Understanding Email Authentication (SPF, DKIM, DMARC)

When you add a custom domain to AgentMail, we ask you to add several records to your DNS settings. We understand that this can seem daunting, and we want to be completely transparent about what these records are and why they are necessary.

In short, by adding these records, you are giving AgentMail permission to do two things:

  1. Send emails on your behalf that are trusted and pass spam filters.
  2. Receive emails for you so your agents can process them.

This process is standard practice for any third-party email service, and it does not give us control over your website or any other part of your domain. Let’s break down what each piece does.

The Pillars of Email Authentication

To prevent spam and phishing, the modern email ecosystem relies on three core technologies: SPF, DKIM, and DMARC. Our goal is to handle all the complexity of these protocols for you.

Your DNS records are simply the way you tell the world that you’ve authorized us to do so.

SPF: Sender Policy Framework

  • What it is: Think of SPF as a public list of all the servers that are allowed to send email for your domain.
  • How it works: You add a TXT record to your DNS that lists the approved IP addresses or domains. When an email server receives a message from you@your-domain.com, it checks the SPF record for your-domain.com. If the server that sent the email is on that list, the check passes. This is what a record we give you might look like
  • Your Record:
    TXT | mail.domain.com | v=spf1 include:agentmail.com -all
    This record tells the world that we are an authorized sender for the mail.domain.com subdomain. The -all part suggests that any server not on this list should be considered unauthorized.

DKIM: DomainKeys Identified Mail

  • What it is: DKIM is like a digital signature for your emails. This signature proves two things: that the email actually came from your domain and that its content hasn’t been messed with with in transit from you to who you are trying to send to.
  • How it works: We generate a unique, secure key for your domain. When we send an email, we “sign” it with this key. The public part of that key is published in your DNS. Receiving servers use this public key to verify the signature.

These are a couple of records we might ask you to add.

  • Your Records:
    CNAME | b4w..._domainkey.payment... | b4w...dkim.agentmail.com
    CNAME | 32c..._domainkey.payment... | 32c...dkim.agentmail.com
    CNAME | xl4..._domainkey.payment... | xl4...dkim.agentmail.com
    Instead of having you publish the raw key (which can be messy and needs to be rotated), we use CNAME records. These records act as aliases, pointing a specific address on your domain to one managed by us. This allows us to manage the security of your signing keys automatically without you ever needing to change them.

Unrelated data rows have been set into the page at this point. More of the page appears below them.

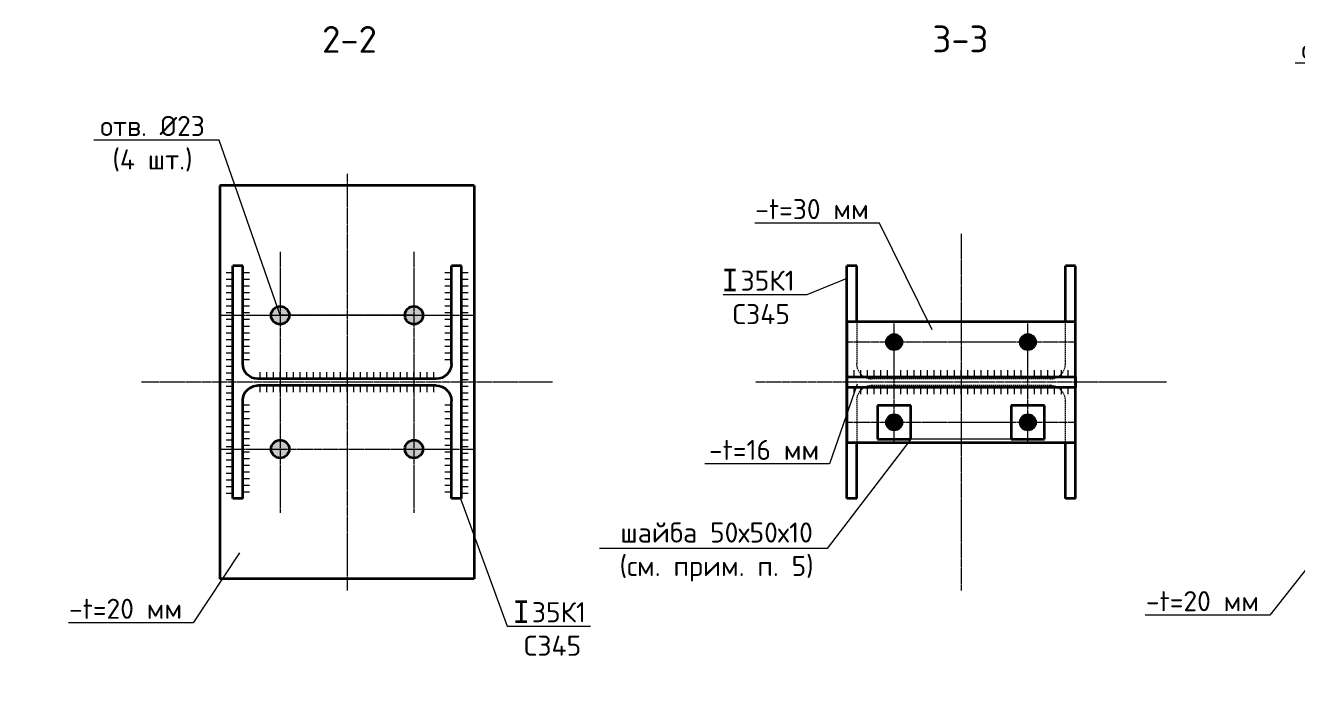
# Model space of a CAD drawing. Header units: millimetres. Extents: x 0 to 44639, y 0 to 10183.
# Drawn here: x 6212 to 8114, y 3110 to 4111 of the extents above; entities that cross this region are included whole.
import ezdxf
from ezdxf import colors
from ezdxf.entities.mleader import LeaderData, LeaderLine
from ezdxf.math import Vec2, Vec3

# ---------------------------------------------------------------- set-up
doc = ezdxf.new("R2010")
doc.units = ezdxf.units.MM
doc.linetypes.add('JIS_02_2.0', pattern=[3, 2, -1])
doc.linetypes.add('JIS_08_11', pattern=[12.8, 11, -0.6, 0.6, -0.6])
for name, color, linetype, lineweight in [('НАДПИСИ', 11, 'Continuous', 13), ('ОСЕВАЯ', 50, 'JIS_08_11', 13), ('ОСНОВНАЯ', 213, 'Continuous', 35), ('ШТРИХОВАЯ', 84, 'JIS_02_2.0', 13)]:
    doc.layers.add(name, color=color, linetype=linetype, lineweight=lineweight)
doc.styles.add('ОСК', font='isocpeur.ttf')

# ---------------------------------------------------------------- blocks, each defined once
blk = doc.blocks.new('A$C5615052D')
at = {"layer": 'ОСНОВНАЯ'}
for p, q in [((0, 342), (348, 342)), ((0, 342), (0, 327)), ((0, 327), (146.3, 327)), ((201.7, 327), (348, 327)), ((348, 342), (348, 327)), ((169, 304.3), (169, 37.7)), ((179, 304.3), (179, 37.7)), ((0, 15), (146.3, 15)), ((0, 15), (0, 0)), ((0, 0), (348, 0)), ((201.7, 15), (348, 15)), ((348, 15), (348, 0))]:
    blk.add_line(p, q, dxfattribs=at)
for centre, start, end in [((146.3, 304.3), 0, 90), ((201.7, 304.3), 90, 180), ((146.3, 37.7), 270, 0), ((201.7, 37.7), 180, 270)]:
    blk.add_arc(centre, 22.7, start, end, dxfattribs=at)
blk = doc.blocks.new('_None')
blk = doc.blocks.new('A$C6A7E4B16')
at = {"layer": 'ОСНОВНАЯ'}
for p, q in [((0, 30), (16.7, 30)), ((8.4, 30), (8.4, 0)), ((0, 0), (16.7, 0))]:
    blk.add_line(p, q, dxfattribs=at)

msp = doc.modelspace()

# ---------------------------------------------------------------- hatches: boundary and pattern name
at = {"layer": 'ОСНОВНАЯ'}
h = msp.add_hatch(color=256, dxfattribs=at)
h.dxf.hatch_style = 1
edge = h.paths.add_edge_path()
edge.add_line((6592.9, 3691.7), (6592.9, 3678.2))
edge.add_line((6592.9, 3678.2), (6606.4, 3678.2))
edge.add_arc((6592.9, 3678.2), 13.5, 360, 450)
edge = h.paths.add_edge_path()
edge.add_arc((6592.9, 3678.2), 13.5, 90, 180)
edge.add_line((6579.4, 3678.2), (6592.9, 3678.2))
edge.add_line((6592.9, 3678.2), (6592.9, 3691.7))
edge = h.paths.add_edge_path()
edge.add_line((6592.9, 3678.2), (6579.4, 3678.2))
edge.add_arc((6592.9, 3678.2), 13.5, 180, 270)
edge.add_line((6592.9, 3664.7), (6592.9, 3678.2))
edge = h.paths.add_edge_path()
edge.add_line((6606.4, 3678.2), (6592.9, 3678.2))
edge.add_line((6592.9, 3678.2), (6592.9, 3664.7))
edge.add_arc((6592.9, 3678.2), 13.5, 270, 360)
h = msp.add_hatch(color=256, dxfattribs=at)
h.dxf.hatch_style = 1
edge = h.paths.add_edge_path()
edge.add_line((6792.9, 3691.7), (6792.9, 3678.2))
edge.add_line((6792.9, 3678.2), (6806.4, 3678.2))
edge.add_arc((6792.9, 3678.2), 13.5, 360, 450)
edge = h.paths.add_edge_path()
edge.add_arc((6792.9, 3678.2), 13.5, 90, 180)
edge.add_line((6779.4, 3678.2), (6792.9, 3678.2))
edge.add_line((6792.9, 3678.2), (6792.9, 3691.7))
edge = h.paths.add_edge_path()
edge.add_line((6792.9, 3678.2), (6779.4, 3678.2))
edge.add_arc((6792.9, 3678.2), 13.5, 180, 270)
edge.add_line((6792.9, 3664.7), (6792.9, 3678.2))
edge = h.paths.add_edge_path()
edge.add_line((6806.4, 3678.2), (6792.9, 3678.2))
edge.add_line((6792.9, 3678.2), (6792.9, 3664.7))
edge.add_arc((6792.9, 3678.2), 13.5, 270, 360)
h = msp.add_hatch(color=256, dxfattribs=at)
h.dxf.hatch_style = 1
edge = h.paths.add_edge_path()
edge.add_arc((7511, 3638.2), 11.5, 0, 90)
edge.add_line((7511, 3649.7), (7511, 3638.2))
edge.add_line((7511, 3638.2), (7522.5, 3638.2))
edge = h.paths.add_edge_path()
edge.add_arc((7511, 3638.2), 11.5, 270, 360)
edge.add_line((7522.5, 3638.2), (7511, 3638.2))
edge.add_line((7511, 3638.2), (7511, 3626.7))
edge = h.paths.add_edge_path()
edge.add_arc((7511, 3638.2), 11.5, 180, 270)
edge.add_line((7511, 3626.7), (7511, 3638.2))
edge.add_line((7511, 3638.2), (7499.5, 3638.2))
edge = h.paths.add_edge_path()
edge.add_arc((7511, 3638.2), 11.5, 90, 180)
edge.add_line((7499.5, 3638.2), (7511, 3638.2))
edge.add_line((7511, 3638.2), (7511, 3649.7))
h = msp.add_hatch(color=256, dxfattribs=at)
h.dxf.hatch_style = 1
edge = h.paths.add_edge_path()
edge.add_arc((7711, 3638.2), 11.5, 0, 90)
edge.add_line((7711, 3649.7), (7711, 3638.2))
edge.add_line((7711, 3638.2), (7722.5, 3638.2))
edge = h.paths.add_edge_path()
edge.add_arc((7711, 3638.2), 11.5, 270, 360)
edge.add_line((7722.5, 3638.2), (7711, 3638.2))
edge.add_line((7711, 3638.2), (7711, 3626.7))
edge = h.paths.add_edge_path()
edge.add_arc((7711, 3638.2), 11.5, 180, 270)
edge.add_line((7711, 3626.7), (7711, 3638.2))
edge.add_line((7711, 3638.2), (7699.5, 3638.2))
edge = h.paths.add_edge_path()
edge.add_arc((7711, 3638.2), 11.5, 90, 180)
edge.add_line((7699.5, 3638.2), (7711, 3638.2))
edge.add_line((7711, 3638.2), (7711, 3649.7))
h = msp.add_hatch(color=256, dxfattribs=at)
h.dxf.hatch_style = 1
edge = h.paths.add_edge_path()
edge.add_arc((7511, 3518.2), 11.5, 0, 90)
edge.add_line((7511, 3529.7), (7511, 3518.2))
edge.add_line((7511, 3518.2), (7522.5, 3518.2))
edge = h.paths.add_edge_path()
edge.add_arc((7511, 3518.2), 11.5, 270, 360)
edge.add_line((7522.5, 3518.2), (7511, 3518.2))
edge.add_line((7511, 3518.2), (7511, 3506.7))
edge = h.paths.add_edge_path()
edge.add_arc((7511, 3518.2), 11.5, 180, 270)
edge.add_line((7511, 3506.7), (7511, 3518.2))
edge.add_line((7511, 3518.2), (7499.5, 3518.2))
edge = h.paths.add_edge_path()
edge.add_arc((7511, 3518.2), 11.5, 90, 180)
edge.add_line((7499.5, 3518.2), (7511, 3518.2))
edge.add_line((7511, 3518.2), (7511, 3529.7))
h = msp.add_hatch(color=256, dxfattribs=at)
h.dxf.hatch_style = 1
edge = h.paths.add_edge_path()
edge.add_arc((7711, 3518.2), 11.5, 0, 90)
edge.add_line((7711, 3529.7), (7711, 3518.2))
edge.add_line((7711, 3518.2), (7722.5, 3518.2))
edge = h.paths.add_edge_path()
edge.add_arc((7711, 3518.2), 11.5, 270, 360)
edge.add_line((7722.5, 3518.2), (7711, 3518.2))
edge.add_line((7711, 3518.2), (7711, 3506.7))
edge = h.paths.add_edge_path()
edge.add_arc((7711, 3518.2), 11.5, 180, 270)
edge.add_line((7711, 3506.7), (7711, 3518.2))
edge.add_line((7711, 3518.2), (7699.5, 3518.2))
edge = h.paths.add_edge_path()
edge.add_arc((7711, 3518.2), 11.5, 90, 180)
edge.add_line((7699.5, 3518.2), (7711, 3518.2))
edge.add_line((7711, 3518.2), (7711, 3529.7))
h = msp.add_hatch(color=256, dxfattribs=at)
h.dxf.hatch_style = 1
edge = h.paths.add_edge_path()
edge.add_line((6592.9, 3491.7), (6592.9, 3478.2))
edge.add_line((6592.9, 3478.2), (6606.4, 3478.2))
edge.add_arc((6592.9, 3478.2), 13.5, 360, 450)
edge = h.paths.add_edge_path()
edge.add_arc((6592.9, 3478.2), 13.5, 90, 180)
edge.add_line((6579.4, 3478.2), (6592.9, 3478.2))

DMARC: Domain-based Message Authentication, Reporting, and Conformance

  • What it is: DMARC is the policy that ties SPF and DKIM together. It tells receiving email servers what to do if an email claims to be from you but fails the SPF or DKIM checks(or both).
  • How it works: You publish a TXT record that specifies your policy. You can tell servers to reject the message, quarantine it (mark as spam), or do nothing. It also allows you to get reports on which emails are passing and failing these checks.

We typically tell servers to reject the message as this increases deliverability(as you can see, this is something we’ve done our research on!)

  • Your Record:
    TXT | _dmarc.domain.com | v=DMARC1; p=reject; rua=mailto:dmarc@agentmail.to
    This policy tells servers to reject any email that fails authentication. The rua tag specifies that aggregate reports about these failures should be sent to dmarc@agentmail.to, allowing us to monitor your domain’s health and deliverability on your behalf.

Receiving Mail: The MX Records

Finally, to receive emails for your agents, you need to tell the internet where to deliver them. This is the job of the MX (Mail Exchange) records.

  • What they are: MX records are the post office address for your domain’s email.
  • How they work: When someone sends an email to your-agent@your-domain.com, their mail server looks up the MX record for your-domain.com to find out where to send it.

This is some records that we might give you:

  • Your Records:
    MX | domain.com | 10 inbound-agentmail.com
    MX | mail.domain.com | 10 feedback-smtp.agentmail.com
    The first record directs all incoming mail for your domain to our servers, so we can ingest it and trigger your agents. The second feedback-smtp record is specifically for routing automated feedback, like bounce and complaint notifications from other mail servers, which is crucial for maintaining a healthy sender reputation.

We hope this provides a clear and transparent look into why these DNS records are required. By setting them up, you enable AgentMail to provide a secure and reliable email experience for your AI agents.